I don’t disagree at all, and I imagine your co-workers at the time would have agreed that everyone having their own would have improved the extant grid situation. But until you’re at management level in an office, you can’t make these decisions on your own. The friction you speak of was caused by your failure to understand your “place” in the office hierarchy. You can suggest improvements like this to your boss, or at a meeting–if the opinion of non-managers is even valued at your workplace. My opinion on stapler re-distribution is not valued at my workplace, and I’ve made peace with that. That’s what a good front-line office worker does. “$deity grant me the serenity to know the difference,” etc. What’s the point of raising the department’s collective heart rate about these issues? Saving a few bucks or a couple productivity-minutes over the space of 8 hours, at the expense of being labeled a bitch or a troublemaker by your coworkers or bosses?

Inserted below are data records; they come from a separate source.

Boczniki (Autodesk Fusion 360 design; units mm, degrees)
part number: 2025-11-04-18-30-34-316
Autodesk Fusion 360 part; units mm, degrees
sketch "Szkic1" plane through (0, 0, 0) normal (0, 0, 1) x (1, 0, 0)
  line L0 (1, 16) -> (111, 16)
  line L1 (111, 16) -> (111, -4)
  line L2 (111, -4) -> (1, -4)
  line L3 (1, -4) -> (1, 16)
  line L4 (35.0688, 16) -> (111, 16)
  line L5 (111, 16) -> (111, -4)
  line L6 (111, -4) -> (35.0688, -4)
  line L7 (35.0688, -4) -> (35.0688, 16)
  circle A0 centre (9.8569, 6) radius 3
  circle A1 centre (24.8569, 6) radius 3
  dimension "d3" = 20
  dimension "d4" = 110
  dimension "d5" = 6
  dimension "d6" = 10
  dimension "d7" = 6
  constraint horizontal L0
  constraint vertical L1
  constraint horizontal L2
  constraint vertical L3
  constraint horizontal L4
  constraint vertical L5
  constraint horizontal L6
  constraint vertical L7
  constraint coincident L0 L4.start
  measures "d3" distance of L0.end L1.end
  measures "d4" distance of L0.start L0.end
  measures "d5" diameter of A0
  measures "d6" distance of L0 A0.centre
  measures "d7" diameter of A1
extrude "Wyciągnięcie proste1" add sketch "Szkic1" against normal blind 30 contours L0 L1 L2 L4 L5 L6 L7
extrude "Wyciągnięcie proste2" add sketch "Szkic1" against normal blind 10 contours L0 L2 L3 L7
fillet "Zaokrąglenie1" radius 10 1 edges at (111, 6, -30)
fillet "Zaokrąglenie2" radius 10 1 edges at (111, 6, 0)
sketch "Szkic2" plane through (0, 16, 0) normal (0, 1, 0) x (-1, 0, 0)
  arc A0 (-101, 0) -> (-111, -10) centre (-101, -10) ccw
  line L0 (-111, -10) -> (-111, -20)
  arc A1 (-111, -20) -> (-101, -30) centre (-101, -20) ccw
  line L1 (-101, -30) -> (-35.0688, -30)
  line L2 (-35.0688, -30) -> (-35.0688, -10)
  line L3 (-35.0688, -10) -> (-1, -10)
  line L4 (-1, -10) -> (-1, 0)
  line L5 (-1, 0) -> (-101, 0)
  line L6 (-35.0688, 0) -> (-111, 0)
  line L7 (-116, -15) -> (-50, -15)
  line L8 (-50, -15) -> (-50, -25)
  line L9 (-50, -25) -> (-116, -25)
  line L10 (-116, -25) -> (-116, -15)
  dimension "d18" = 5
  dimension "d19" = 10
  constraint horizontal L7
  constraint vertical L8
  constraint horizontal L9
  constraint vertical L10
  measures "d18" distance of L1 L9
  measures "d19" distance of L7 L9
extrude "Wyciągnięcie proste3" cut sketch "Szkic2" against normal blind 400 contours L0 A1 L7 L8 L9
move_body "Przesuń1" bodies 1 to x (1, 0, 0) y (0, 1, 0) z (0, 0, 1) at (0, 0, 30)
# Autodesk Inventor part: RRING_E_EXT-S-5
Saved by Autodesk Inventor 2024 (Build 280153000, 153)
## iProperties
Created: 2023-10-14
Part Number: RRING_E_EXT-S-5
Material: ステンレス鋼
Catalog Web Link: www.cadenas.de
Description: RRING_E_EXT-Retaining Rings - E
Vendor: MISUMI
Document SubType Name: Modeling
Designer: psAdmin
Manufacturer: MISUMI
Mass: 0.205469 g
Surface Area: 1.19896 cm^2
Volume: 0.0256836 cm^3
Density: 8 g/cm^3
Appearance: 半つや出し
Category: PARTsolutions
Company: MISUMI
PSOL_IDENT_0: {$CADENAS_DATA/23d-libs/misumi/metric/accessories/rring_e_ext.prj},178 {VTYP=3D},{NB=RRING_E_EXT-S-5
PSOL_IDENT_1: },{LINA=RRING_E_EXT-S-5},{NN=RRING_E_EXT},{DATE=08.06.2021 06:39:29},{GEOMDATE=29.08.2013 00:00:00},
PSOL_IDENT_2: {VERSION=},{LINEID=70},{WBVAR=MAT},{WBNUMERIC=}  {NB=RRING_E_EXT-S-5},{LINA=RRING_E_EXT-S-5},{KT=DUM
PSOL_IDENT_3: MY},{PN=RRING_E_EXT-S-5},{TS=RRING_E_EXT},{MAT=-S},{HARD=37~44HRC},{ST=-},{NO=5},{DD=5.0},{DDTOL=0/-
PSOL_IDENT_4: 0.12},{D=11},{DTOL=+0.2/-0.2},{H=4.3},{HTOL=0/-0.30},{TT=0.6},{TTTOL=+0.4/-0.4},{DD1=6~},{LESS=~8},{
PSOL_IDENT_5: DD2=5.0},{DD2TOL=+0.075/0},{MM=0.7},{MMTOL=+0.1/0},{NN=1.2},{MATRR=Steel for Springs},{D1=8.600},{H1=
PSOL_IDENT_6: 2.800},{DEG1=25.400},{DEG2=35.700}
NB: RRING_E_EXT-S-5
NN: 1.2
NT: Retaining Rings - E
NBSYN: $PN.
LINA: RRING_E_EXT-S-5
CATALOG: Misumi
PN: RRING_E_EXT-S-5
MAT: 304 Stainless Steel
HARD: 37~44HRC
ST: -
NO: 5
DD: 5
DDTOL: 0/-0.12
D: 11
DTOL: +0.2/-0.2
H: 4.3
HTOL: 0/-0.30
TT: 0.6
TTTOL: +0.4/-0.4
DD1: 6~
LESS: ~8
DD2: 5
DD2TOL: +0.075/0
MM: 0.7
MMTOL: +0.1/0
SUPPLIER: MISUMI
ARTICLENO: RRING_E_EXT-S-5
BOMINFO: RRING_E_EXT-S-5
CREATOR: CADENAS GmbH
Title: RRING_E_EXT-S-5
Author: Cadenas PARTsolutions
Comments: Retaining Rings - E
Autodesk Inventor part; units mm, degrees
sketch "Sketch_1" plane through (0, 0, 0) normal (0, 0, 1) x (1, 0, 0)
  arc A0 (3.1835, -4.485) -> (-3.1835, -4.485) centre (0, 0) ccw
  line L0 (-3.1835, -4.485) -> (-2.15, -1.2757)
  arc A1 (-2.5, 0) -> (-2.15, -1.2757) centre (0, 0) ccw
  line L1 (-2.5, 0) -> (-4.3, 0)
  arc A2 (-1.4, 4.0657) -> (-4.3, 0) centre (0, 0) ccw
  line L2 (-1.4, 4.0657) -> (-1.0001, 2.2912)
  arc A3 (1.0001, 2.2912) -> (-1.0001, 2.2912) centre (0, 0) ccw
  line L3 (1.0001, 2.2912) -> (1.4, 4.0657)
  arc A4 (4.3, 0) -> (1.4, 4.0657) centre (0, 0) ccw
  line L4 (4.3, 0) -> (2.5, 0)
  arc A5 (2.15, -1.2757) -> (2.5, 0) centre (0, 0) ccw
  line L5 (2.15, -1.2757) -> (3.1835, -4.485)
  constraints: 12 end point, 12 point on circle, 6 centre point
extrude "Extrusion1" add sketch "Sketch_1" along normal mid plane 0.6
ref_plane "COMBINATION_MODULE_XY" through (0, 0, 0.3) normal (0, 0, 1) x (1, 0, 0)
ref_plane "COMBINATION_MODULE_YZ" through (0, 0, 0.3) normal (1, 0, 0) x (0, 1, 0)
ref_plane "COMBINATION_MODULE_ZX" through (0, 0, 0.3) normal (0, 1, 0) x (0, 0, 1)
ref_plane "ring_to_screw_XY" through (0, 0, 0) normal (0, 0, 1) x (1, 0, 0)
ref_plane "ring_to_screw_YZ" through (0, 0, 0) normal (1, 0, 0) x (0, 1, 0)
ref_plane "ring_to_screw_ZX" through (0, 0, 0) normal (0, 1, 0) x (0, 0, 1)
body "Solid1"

That fight is **so **not worth it.
If I were you in that environment and disliked the company policy on razorblade rationing and grid storage so much, I’d have found a job that was better suited for me. Which you did, so now you’re happier, and your coworkers were probably happier when you left. Nobody loses. But what you shouldn’t do is assume that something is wrong with everybody else, and nothing is wrong with you. I stand by my previous assertion that it is awfully presumptuous of you to take the responsibility for a company problem. The way you approached that situation was all wrong, and shows you’re poorly suited to be a cubicle drone. There’s nothing wrong with that, lots of people aren’t.
Also, arguments like this one:
are irrational, invalid, bordering on the hysterical, and not helping your cause.
Anyway, sorry to the OP for the derail. Full steam athread!
Oh yeah. Absolutely.
I know what you’re talking about. It is better that you are freelancing, because a workplace like that would never appreciate the concept of doing things better. You’re supposed to just slop things together like everyone else; that’s supposed to be good enough.